_Description of the task_
Please repeat the line that contains "- J3: value CH_USB_C -> USB_C" and every line after it, exactly, through the end of the records.

Records contained in a dataset:
————

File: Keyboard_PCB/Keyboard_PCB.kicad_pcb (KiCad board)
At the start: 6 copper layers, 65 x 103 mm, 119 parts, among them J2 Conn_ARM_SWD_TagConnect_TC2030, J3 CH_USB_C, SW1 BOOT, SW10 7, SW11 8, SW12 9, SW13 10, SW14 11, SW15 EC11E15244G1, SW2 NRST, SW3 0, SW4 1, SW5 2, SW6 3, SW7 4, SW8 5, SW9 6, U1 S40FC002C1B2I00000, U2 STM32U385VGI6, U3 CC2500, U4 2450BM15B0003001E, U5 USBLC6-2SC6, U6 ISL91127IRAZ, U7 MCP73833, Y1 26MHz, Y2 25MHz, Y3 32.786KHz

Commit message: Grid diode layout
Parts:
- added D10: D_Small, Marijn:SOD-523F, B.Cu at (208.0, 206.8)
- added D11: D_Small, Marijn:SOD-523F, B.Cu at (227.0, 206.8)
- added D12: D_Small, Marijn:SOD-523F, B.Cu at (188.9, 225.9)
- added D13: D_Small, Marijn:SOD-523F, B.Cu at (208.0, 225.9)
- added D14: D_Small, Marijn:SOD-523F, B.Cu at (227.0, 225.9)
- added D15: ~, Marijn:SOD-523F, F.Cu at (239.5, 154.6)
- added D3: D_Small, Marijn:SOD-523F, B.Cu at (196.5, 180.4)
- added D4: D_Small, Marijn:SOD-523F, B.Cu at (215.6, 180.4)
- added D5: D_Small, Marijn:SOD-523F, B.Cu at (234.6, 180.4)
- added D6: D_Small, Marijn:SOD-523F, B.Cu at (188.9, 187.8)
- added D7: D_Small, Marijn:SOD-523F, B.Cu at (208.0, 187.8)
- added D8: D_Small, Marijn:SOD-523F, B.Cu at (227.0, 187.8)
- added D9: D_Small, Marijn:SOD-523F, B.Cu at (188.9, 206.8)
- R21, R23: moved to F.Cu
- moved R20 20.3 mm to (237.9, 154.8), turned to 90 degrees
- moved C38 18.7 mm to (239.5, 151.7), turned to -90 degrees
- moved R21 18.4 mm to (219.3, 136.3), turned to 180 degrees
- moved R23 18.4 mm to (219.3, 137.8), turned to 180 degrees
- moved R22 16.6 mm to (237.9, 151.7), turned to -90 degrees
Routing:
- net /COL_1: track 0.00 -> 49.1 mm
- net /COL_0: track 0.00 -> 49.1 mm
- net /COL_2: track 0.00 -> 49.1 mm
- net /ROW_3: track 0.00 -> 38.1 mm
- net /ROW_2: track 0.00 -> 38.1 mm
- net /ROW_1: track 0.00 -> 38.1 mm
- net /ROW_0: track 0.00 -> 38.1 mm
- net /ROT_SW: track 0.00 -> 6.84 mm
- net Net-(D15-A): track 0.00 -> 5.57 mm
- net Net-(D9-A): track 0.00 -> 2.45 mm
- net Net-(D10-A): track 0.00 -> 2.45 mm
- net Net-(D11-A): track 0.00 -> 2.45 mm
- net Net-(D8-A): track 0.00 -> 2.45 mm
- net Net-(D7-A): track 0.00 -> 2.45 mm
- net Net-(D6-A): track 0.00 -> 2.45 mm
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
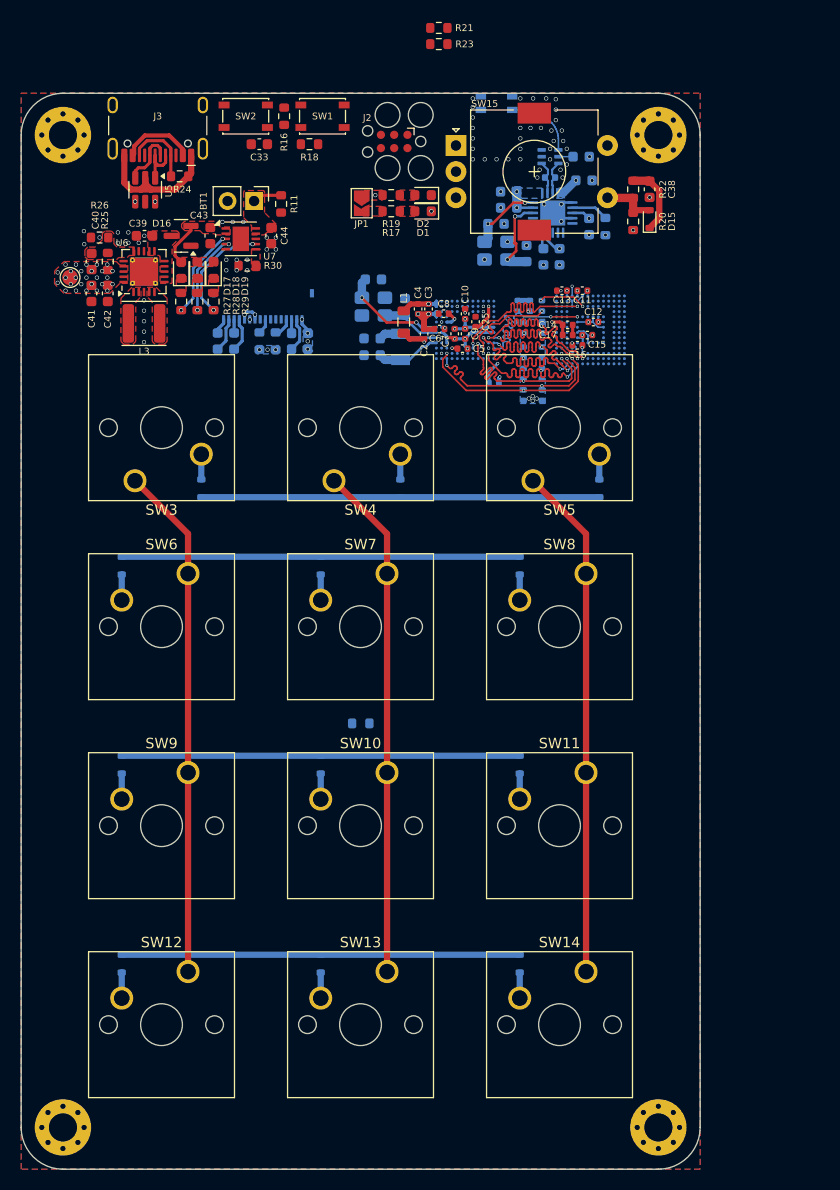
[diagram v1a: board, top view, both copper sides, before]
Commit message: Layout first draft
TODO: gnd stitching, check connections and schematic again
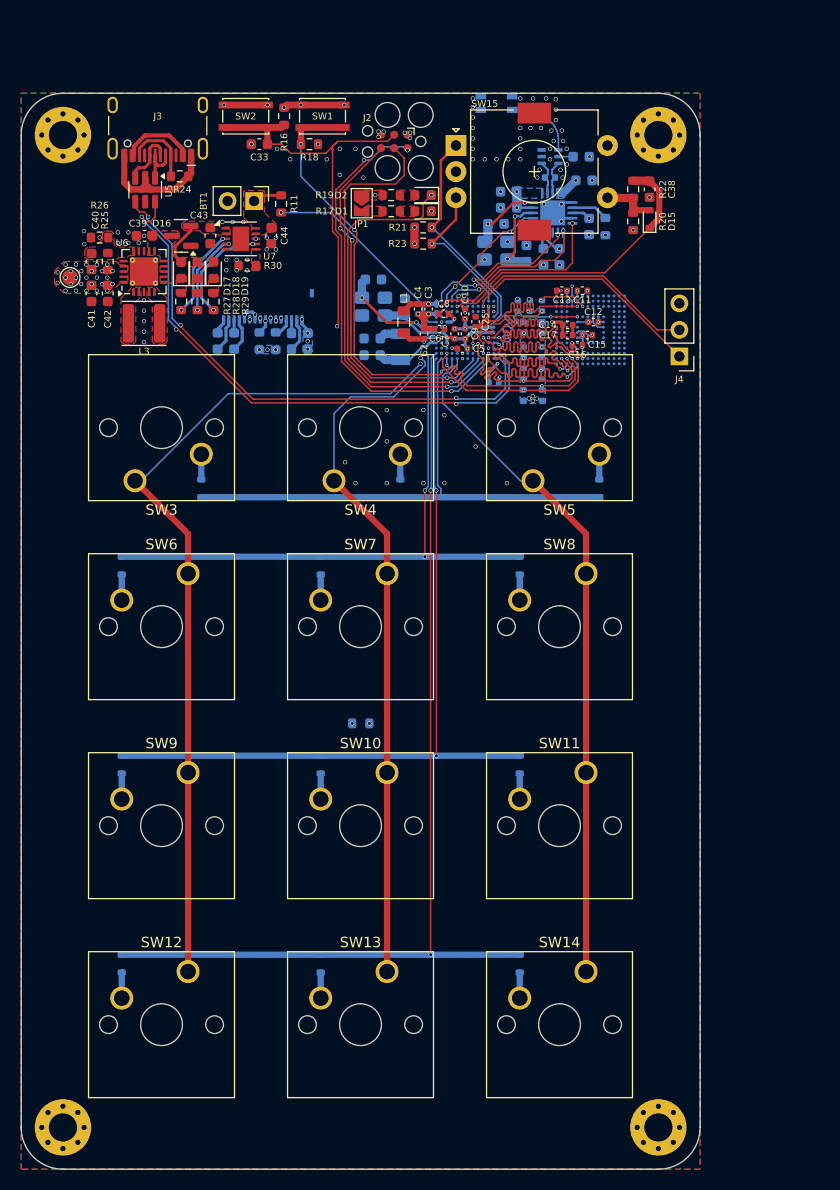
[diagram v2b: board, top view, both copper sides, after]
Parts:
- added J4: UART, Connector_PinHeader_2.54mm:PinHeader_1x03_P2.54mm_Vertical, F.Cu at (242.3, 167.7)
- moved R21 19.2 mm to (217.8, 155.4), turned to 0 degrees
- moved R23 19.2 mm to (217.8, 156.9), turned to 0 degrees
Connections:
- U2 pad L10: unconnected-(U2-PB10-PadL10) -> /UART_TX
- U2 pad L5: unconnected-(U2-PC5-PadL5) -> /UART_RX
- U2 pad M5: unconnected-(U2-PB0-PadM5) -> /OLED_RST
- U2 pad M6: unconnected-(U2-PB1-PadM6) -> /OLED_DC
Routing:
- net /ROW_3: track 38.1 -> 96.0 mm, vias 0 -> 2
- net /USB_DN: track 0.01 -> 55.1 mm, vias 1 -> 3
- net /USB_DP: track 0.01 -> 52.4 mm, vias 1 -> 3
- net /PWR/BAT_THERM: track 0.00 -> 51.8 mm, vias 0 -> 2
- net /NRST: track 0.00 -> 49.2 mm, vias 1 -> 2
- net /SWDIO: track 0.00 -> 42.3 mm, vias 0 -> 3
- net /SWCLK: track 0.00 -> 41.1 mm, vias 0 -> 1
- net /BOOT: track 0.00 -> 39.6 mm, vias 0 -> 3
- net /ROW_2: track 38.1 -> 76.3 mm, vias 0 -> 2
- net /STATUS: track 0.00 -> 36.9 mm, vias 0 -> 2
- net /COL_0: track 49.1 -> 85.3 mm, vias 0 -> 2
- net /SWO: track 0.00 -> 35.5 mm, vias 0 -> 3
- net /UART_RX: track 0.00 -> 24.6 mm, vias 0 -> 1
- net /OLED_SPI_NSS: track 0.00 -> 24.2 mm, vias 0 -> 2
- net /UART_TX: track 0.00 -> 23.2 mm, vias 0 -> 1
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
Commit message: Routing V1
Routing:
- net /PWR/VBUS: track 11.5 -> 27.2 mm, vias 0 -> 6
- net /BAT: track 2.81 -> 12.4 mm, vias 0 -> 3
- net GND: vias 128 -> 257
- net /STATUS: vias 2 -> 1

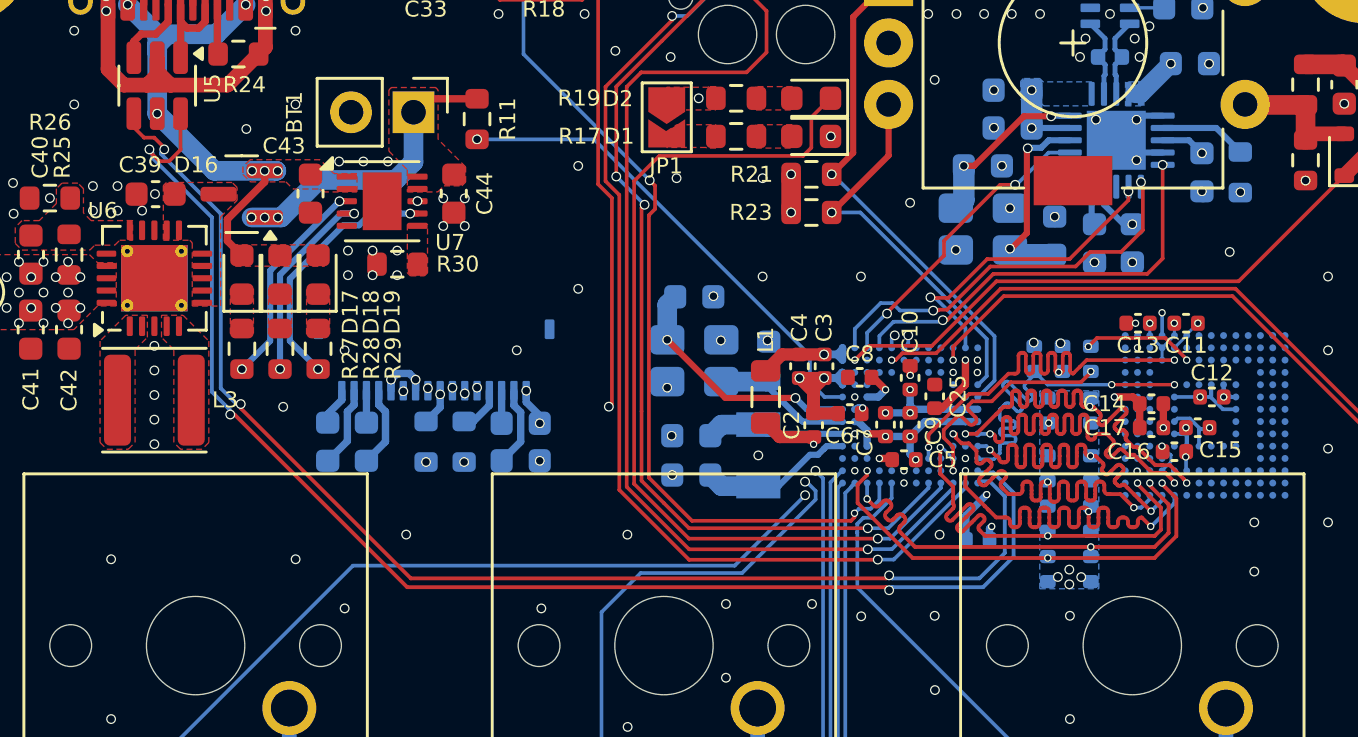
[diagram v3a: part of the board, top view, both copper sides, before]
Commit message: Added mouser IDs to components and checked STM-eMMC connection
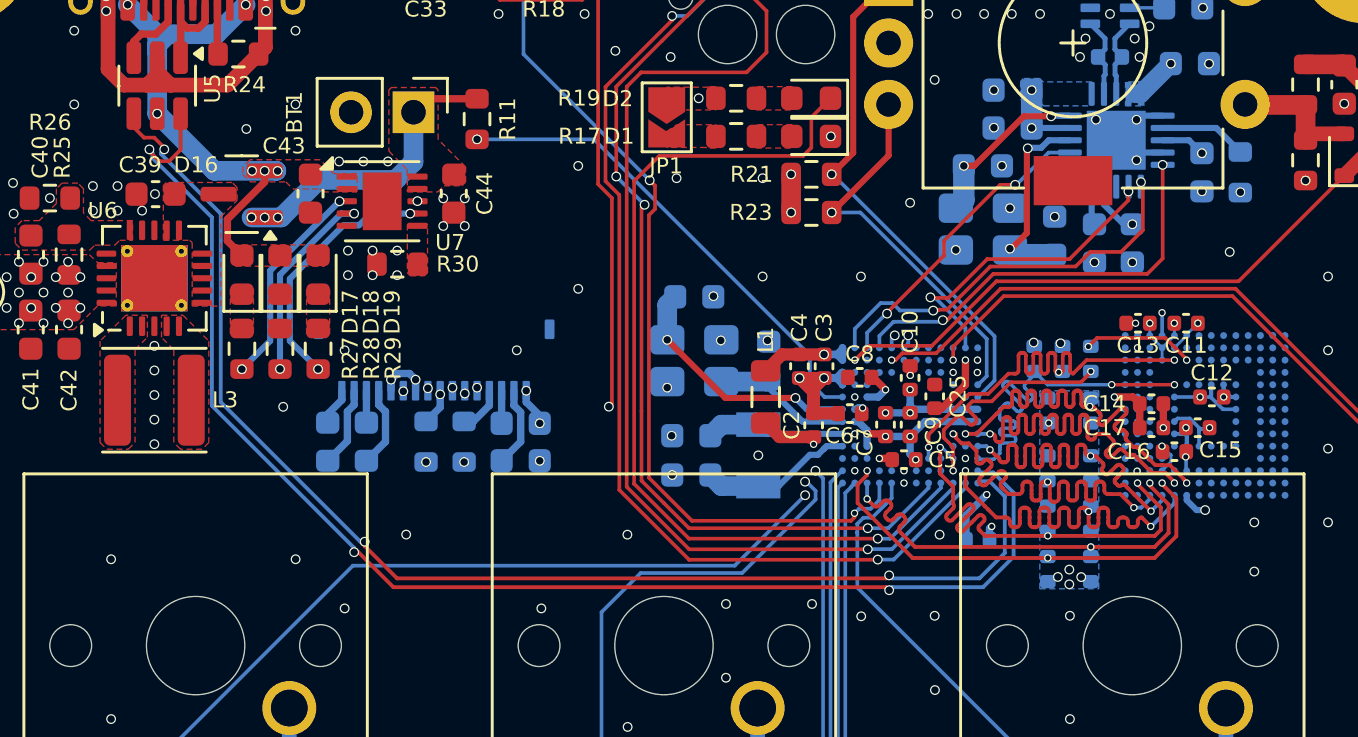
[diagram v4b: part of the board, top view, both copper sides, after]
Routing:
- net GND: track 56.3 -> 57.4 mm, vias 257 -> 258

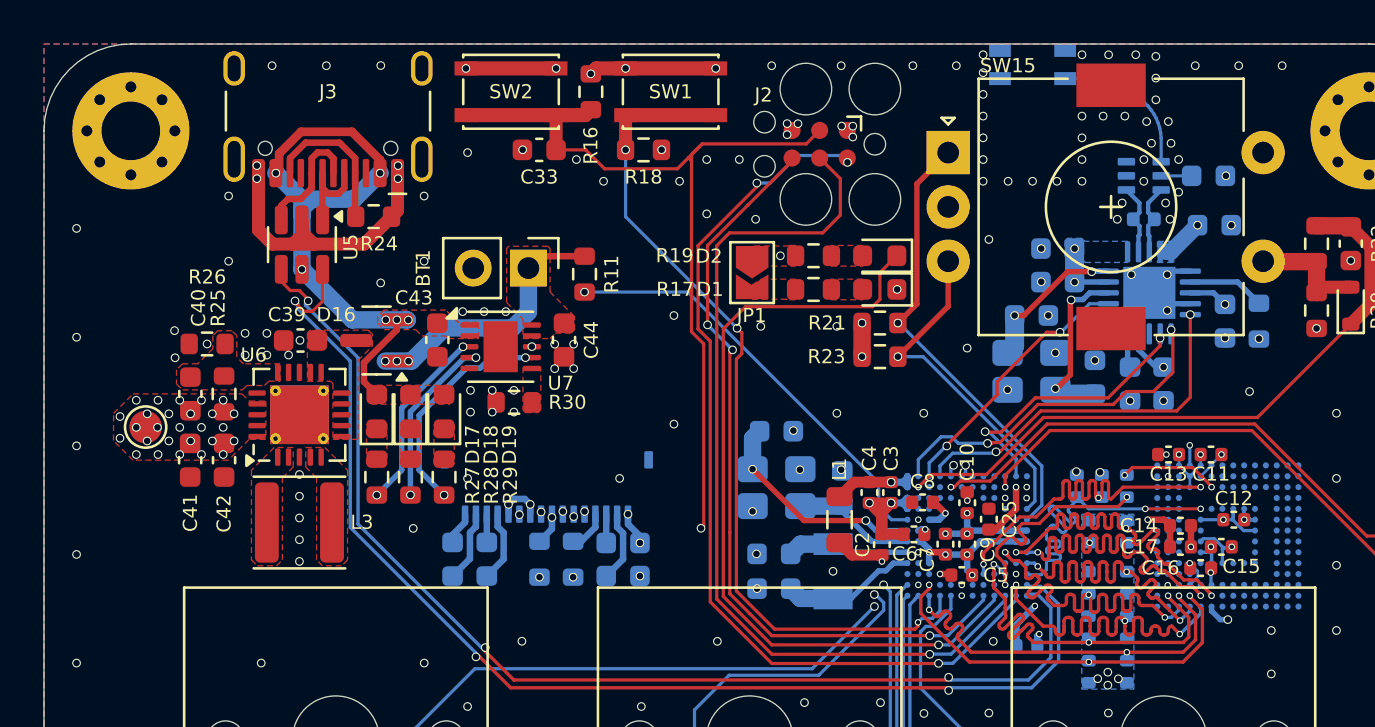
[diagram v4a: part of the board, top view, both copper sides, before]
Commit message: Added additional power filtering and improved RF path
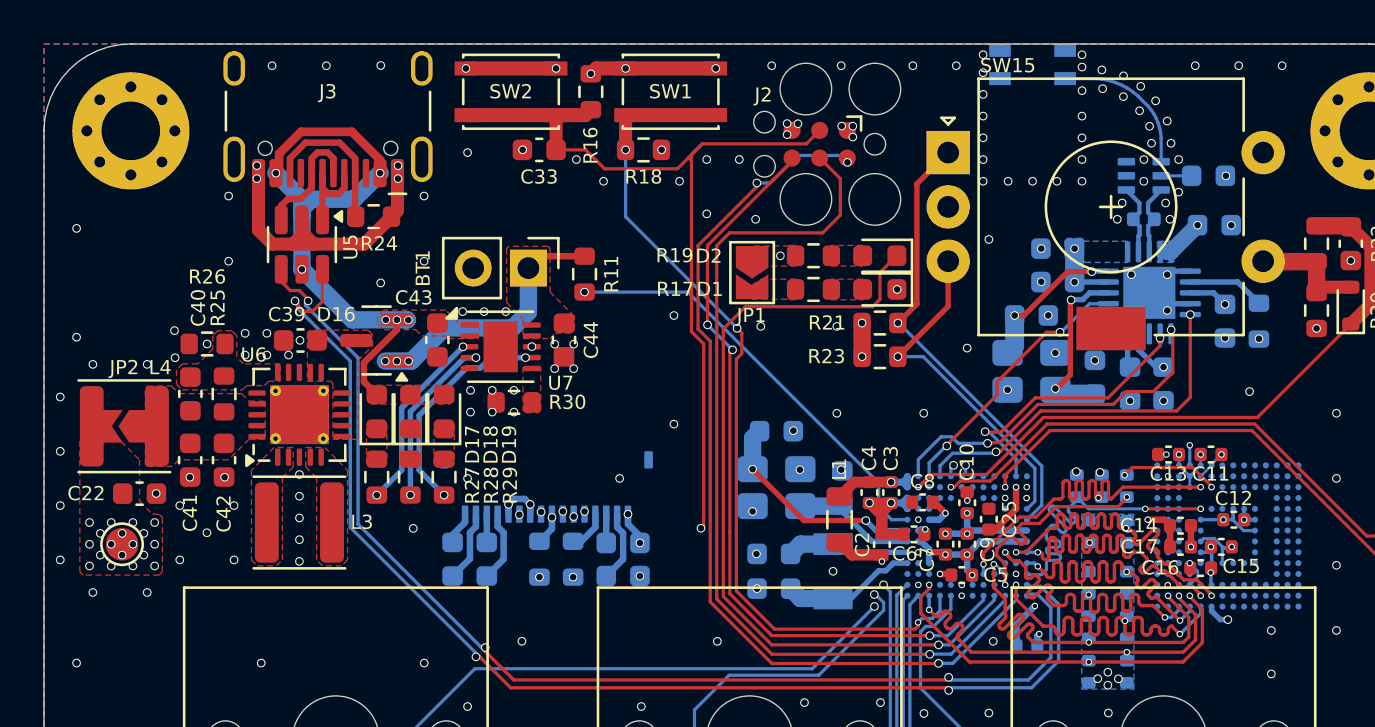
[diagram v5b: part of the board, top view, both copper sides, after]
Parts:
- added C22: 22u, Capacitor_SMD:C_0603_1608Metric, F.Cu at (183.7, 163.2)
- added JP2: LC_BYPASS, Jumper:SolderJumper-2_P1.3mm_Open_TrianglePad1.0x1.5mm, F.Cu at (183.0, 160.1)
- added L4: 1u, Inductor_SMD:L_APV_ANR4018, F.Cu at (183.0, 160.1)
- D10, D11, D12, D13, D14, D3, D4, D5, D6, D7, D8, D9: value D_Small -> ~
- D2: value CH_STATUS -> STATUS
- J3: value CH_USB_C -> USB_C
- moved TP1 5.50 mm to (182.9, 165.6)
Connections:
- C40 pad 1: +3V3 -> Net-(JP2-A)
- C41 pad 1: +3V3 -> Net-(JP2-A)
- C42 pad 1: +3V3 -> Net-(JP2-A)
- R25 pad 1: +3V3 -> Net-(JP2-A)
- U6 pad 17: +3V3 -> Net-(JP2-A)
- U6 pad 18: +3V3 -> Net-(JP2-A)
- U6 pad 19: +3V3 -> Net-(JP2-A)
- U6 pad 20: +3V3 -> Net-(JP2-A)
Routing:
- net GND: track 57.4 -> 57.5 mm, vias 258 -> 274
- net +3V3: vias 67 -> 58
- added copper zone on F.Cu, net Net-(JP2-A)

————

_Result for this task_
- J3: value CH_USB_C -> USB_C
- moved TP1 5.50 mm to (182.9, 165.6)
Connections:
- C40 pad 1: +3V3 -> Net-(JP2-A)
- C41 pad 1: +3V3 -> Net-(JP2-A)
- C42 pad 1: +3V3 -> Net-(JP2-A)
- R25 pad 1: +3V3 -> Net-(JP2-A)
- U6 pad 17: +3V3 -> Net-(JP2-A)
- U6 pad 18: +3V3 -> Net-(JP2-A)
- U6 pad 19: +3V3 -> Net-(JP2-A)
- U6 pad 20: +3V3 -> Net-(JP2-A)
Routing:
- net GND: track 57.4 -> 57.5 mm, vias 258 -> 274
- net +3V3: vias 67 -> 58
- added copper zone on F.Cu, net Net-(JP2-A)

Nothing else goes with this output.